YOUR ASSIGNMENT: Take the records below and retype them line by line, from the first line through the one containing "doc.units = 0"; stop there.

(Records from a dataset)
--- START ---

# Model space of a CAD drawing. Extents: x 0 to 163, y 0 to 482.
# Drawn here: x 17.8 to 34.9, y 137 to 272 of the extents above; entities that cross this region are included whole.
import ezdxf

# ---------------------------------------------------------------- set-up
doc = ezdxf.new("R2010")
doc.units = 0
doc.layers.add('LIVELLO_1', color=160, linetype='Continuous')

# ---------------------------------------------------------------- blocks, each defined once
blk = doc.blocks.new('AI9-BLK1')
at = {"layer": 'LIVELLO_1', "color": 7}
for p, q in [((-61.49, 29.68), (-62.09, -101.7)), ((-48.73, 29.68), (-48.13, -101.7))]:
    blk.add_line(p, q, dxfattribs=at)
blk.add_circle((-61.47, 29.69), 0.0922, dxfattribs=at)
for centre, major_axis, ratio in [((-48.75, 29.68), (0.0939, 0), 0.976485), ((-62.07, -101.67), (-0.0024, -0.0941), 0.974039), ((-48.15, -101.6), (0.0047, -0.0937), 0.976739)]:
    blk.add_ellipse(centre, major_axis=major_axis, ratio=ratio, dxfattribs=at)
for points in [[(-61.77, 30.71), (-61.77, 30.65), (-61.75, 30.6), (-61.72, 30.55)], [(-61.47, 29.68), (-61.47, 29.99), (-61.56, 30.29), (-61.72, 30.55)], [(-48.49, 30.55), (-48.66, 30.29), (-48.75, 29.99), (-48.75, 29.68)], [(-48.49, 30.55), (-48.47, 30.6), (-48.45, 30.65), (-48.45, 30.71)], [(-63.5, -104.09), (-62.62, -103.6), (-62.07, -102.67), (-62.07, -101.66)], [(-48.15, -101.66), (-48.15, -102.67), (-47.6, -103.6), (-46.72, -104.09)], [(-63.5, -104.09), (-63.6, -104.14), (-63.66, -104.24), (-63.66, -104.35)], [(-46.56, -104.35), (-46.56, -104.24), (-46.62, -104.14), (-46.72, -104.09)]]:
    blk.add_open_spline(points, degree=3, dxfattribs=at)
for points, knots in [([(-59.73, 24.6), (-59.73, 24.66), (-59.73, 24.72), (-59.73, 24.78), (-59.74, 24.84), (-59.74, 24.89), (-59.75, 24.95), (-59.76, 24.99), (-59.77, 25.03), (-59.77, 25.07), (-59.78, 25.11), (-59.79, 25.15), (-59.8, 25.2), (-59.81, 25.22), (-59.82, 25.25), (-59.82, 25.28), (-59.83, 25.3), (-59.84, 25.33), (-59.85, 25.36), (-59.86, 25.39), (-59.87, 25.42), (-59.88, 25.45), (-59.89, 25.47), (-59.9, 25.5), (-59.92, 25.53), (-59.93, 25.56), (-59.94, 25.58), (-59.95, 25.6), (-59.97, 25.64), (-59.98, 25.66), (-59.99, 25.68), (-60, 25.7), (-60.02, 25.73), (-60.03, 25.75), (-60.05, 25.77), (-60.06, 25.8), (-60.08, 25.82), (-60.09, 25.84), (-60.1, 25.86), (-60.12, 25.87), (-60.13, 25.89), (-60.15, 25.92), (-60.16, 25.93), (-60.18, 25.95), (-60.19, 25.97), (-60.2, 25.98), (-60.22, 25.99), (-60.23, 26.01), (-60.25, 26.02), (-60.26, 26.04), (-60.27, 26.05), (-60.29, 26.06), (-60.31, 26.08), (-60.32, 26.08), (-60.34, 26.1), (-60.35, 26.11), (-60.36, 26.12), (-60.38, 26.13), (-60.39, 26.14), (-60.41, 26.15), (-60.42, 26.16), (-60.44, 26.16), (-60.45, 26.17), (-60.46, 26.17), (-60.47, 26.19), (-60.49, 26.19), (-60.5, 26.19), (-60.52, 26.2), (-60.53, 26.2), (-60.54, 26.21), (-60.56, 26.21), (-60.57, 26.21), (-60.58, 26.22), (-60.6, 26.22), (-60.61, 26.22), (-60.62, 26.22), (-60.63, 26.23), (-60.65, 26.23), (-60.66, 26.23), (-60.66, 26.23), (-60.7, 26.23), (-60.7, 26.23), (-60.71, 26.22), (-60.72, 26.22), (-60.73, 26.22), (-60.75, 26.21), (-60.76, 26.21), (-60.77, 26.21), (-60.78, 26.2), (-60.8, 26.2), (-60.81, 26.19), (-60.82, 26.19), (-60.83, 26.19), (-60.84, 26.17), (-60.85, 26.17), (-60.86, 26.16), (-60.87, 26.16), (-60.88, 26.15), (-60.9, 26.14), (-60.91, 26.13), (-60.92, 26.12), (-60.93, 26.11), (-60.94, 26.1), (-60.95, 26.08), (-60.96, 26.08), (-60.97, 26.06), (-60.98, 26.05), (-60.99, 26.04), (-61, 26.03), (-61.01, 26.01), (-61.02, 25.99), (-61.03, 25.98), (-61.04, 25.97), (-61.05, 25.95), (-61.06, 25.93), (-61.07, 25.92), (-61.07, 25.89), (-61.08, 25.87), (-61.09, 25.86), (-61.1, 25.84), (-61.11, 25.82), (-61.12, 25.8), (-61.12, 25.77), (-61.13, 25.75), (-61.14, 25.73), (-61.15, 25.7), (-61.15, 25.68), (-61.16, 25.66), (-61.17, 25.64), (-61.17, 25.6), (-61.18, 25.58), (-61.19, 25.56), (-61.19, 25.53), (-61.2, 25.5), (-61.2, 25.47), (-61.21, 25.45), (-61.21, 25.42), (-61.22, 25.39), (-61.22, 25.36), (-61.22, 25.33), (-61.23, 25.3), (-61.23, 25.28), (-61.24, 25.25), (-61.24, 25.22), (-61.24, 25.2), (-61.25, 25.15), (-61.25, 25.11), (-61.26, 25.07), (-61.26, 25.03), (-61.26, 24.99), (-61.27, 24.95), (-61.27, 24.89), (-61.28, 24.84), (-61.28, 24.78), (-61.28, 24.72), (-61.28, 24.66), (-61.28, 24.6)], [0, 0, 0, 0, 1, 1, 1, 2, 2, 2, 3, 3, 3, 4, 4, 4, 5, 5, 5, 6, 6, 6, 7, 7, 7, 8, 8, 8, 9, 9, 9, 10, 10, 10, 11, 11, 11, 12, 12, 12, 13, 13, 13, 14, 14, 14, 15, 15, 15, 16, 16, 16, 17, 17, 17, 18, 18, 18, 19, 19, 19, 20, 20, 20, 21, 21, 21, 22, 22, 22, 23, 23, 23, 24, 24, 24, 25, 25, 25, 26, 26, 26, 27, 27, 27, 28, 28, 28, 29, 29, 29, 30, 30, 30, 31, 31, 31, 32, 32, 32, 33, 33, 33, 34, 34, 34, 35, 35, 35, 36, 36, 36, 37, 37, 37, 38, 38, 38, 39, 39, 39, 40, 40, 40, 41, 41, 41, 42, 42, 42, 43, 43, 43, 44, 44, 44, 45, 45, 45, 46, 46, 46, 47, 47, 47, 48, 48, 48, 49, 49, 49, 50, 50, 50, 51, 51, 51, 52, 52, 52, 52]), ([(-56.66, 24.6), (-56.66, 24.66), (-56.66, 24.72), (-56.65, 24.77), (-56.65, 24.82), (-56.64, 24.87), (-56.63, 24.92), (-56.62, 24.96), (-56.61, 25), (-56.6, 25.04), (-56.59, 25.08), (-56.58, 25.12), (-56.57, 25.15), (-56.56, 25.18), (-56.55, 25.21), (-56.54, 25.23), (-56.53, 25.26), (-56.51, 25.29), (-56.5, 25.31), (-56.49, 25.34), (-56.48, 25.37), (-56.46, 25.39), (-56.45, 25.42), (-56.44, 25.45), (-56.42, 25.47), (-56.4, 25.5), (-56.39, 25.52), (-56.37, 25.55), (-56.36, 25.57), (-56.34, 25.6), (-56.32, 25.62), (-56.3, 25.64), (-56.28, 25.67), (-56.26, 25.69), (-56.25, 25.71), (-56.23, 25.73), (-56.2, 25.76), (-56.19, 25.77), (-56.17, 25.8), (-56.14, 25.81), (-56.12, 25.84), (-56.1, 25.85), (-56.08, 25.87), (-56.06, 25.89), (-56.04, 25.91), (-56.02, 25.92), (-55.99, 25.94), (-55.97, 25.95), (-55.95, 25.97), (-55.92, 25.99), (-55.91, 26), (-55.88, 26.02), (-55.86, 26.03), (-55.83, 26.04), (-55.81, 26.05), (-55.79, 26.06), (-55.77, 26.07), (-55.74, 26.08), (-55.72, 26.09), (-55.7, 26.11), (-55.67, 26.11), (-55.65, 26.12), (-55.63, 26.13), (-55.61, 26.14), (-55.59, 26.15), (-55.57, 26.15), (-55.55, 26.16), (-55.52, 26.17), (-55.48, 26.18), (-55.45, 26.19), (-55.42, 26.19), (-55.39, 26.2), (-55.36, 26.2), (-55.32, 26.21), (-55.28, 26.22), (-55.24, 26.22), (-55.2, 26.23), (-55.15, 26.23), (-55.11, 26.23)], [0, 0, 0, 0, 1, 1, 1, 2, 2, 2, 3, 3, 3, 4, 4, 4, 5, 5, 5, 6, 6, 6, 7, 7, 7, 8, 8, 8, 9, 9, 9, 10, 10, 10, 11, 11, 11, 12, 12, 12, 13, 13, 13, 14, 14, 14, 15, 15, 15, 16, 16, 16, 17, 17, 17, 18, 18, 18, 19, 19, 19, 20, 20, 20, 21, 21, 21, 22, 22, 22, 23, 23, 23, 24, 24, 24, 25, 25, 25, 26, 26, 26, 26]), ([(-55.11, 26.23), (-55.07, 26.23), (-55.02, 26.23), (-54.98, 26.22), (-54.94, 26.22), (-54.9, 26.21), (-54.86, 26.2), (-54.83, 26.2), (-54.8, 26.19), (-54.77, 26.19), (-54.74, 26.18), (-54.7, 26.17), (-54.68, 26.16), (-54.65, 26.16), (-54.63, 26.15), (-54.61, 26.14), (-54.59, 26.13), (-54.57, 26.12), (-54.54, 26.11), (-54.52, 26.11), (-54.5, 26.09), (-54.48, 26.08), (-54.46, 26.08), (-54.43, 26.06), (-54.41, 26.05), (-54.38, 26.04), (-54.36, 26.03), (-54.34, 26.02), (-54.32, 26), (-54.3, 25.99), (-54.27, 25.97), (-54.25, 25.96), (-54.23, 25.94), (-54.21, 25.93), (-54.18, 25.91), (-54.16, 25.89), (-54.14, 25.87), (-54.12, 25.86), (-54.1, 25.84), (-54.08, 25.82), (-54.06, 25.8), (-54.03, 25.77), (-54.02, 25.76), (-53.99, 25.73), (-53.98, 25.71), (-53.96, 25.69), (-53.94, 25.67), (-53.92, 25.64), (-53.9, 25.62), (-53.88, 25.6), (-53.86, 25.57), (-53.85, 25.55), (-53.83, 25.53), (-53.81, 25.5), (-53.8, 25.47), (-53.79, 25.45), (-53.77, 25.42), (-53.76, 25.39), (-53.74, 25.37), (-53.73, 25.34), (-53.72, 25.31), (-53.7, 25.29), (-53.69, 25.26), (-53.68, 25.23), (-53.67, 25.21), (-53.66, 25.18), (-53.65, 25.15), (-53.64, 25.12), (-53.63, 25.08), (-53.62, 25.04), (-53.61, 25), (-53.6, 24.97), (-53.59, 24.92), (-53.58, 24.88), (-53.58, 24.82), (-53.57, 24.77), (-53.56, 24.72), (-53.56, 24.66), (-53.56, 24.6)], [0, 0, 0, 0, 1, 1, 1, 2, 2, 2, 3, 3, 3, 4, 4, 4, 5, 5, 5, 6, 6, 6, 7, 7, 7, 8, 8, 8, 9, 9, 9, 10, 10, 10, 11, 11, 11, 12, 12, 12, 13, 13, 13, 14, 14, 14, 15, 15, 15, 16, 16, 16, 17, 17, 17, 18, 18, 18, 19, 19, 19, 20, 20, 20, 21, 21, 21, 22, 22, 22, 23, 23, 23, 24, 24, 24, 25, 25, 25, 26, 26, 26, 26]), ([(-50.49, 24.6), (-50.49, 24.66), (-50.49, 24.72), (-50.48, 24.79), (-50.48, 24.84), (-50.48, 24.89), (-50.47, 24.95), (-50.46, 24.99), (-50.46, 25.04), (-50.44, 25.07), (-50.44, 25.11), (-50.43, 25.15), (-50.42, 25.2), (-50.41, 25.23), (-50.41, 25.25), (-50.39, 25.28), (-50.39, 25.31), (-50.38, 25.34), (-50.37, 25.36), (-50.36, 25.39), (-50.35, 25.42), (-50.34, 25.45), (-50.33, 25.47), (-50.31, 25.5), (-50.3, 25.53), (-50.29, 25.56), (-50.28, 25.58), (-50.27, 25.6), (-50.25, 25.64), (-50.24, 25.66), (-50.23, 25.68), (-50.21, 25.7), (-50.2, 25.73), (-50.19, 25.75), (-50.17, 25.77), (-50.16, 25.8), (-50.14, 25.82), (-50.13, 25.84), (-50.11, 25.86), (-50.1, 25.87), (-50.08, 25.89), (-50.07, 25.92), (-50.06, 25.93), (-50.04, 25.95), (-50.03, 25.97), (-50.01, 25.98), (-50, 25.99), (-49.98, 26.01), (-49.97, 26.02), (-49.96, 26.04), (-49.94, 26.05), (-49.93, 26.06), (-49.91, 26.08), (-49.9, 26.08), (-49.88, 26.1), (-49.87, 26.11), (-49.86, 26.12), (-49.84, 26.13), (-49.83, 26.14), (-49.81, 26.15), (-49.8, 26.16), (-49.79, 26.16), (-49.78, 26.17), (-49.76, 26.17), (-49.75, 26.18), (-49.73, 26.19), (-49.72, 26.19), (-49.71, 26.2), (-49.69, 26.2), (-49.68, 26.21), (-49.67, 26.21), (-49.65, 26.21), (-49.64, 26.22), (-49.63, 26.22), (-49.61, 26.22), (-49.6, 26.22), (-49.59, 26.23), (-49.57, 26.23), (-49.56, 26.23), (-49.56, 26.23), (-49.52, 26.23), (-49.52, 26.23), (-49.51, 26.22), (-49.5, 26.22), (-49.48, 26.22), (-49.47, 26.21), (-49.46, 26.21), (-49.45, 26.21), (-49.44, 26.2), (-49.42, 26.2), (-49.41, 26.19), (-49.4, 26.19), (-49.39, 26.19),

--- END ---

RESULT FOR THIS TASK:
# Model space of a CAD drawing. Extents: x 0 to 163, y 0 to 482.
# Drawn here: x 17.8 to 34.9, y 137 to 272 of the extents above; entities that cross this region are included whole.
import ezdxf

# ---------------------------------------------------------------- set-up
doc = ezdxf.new("R2010")
doc.units = 0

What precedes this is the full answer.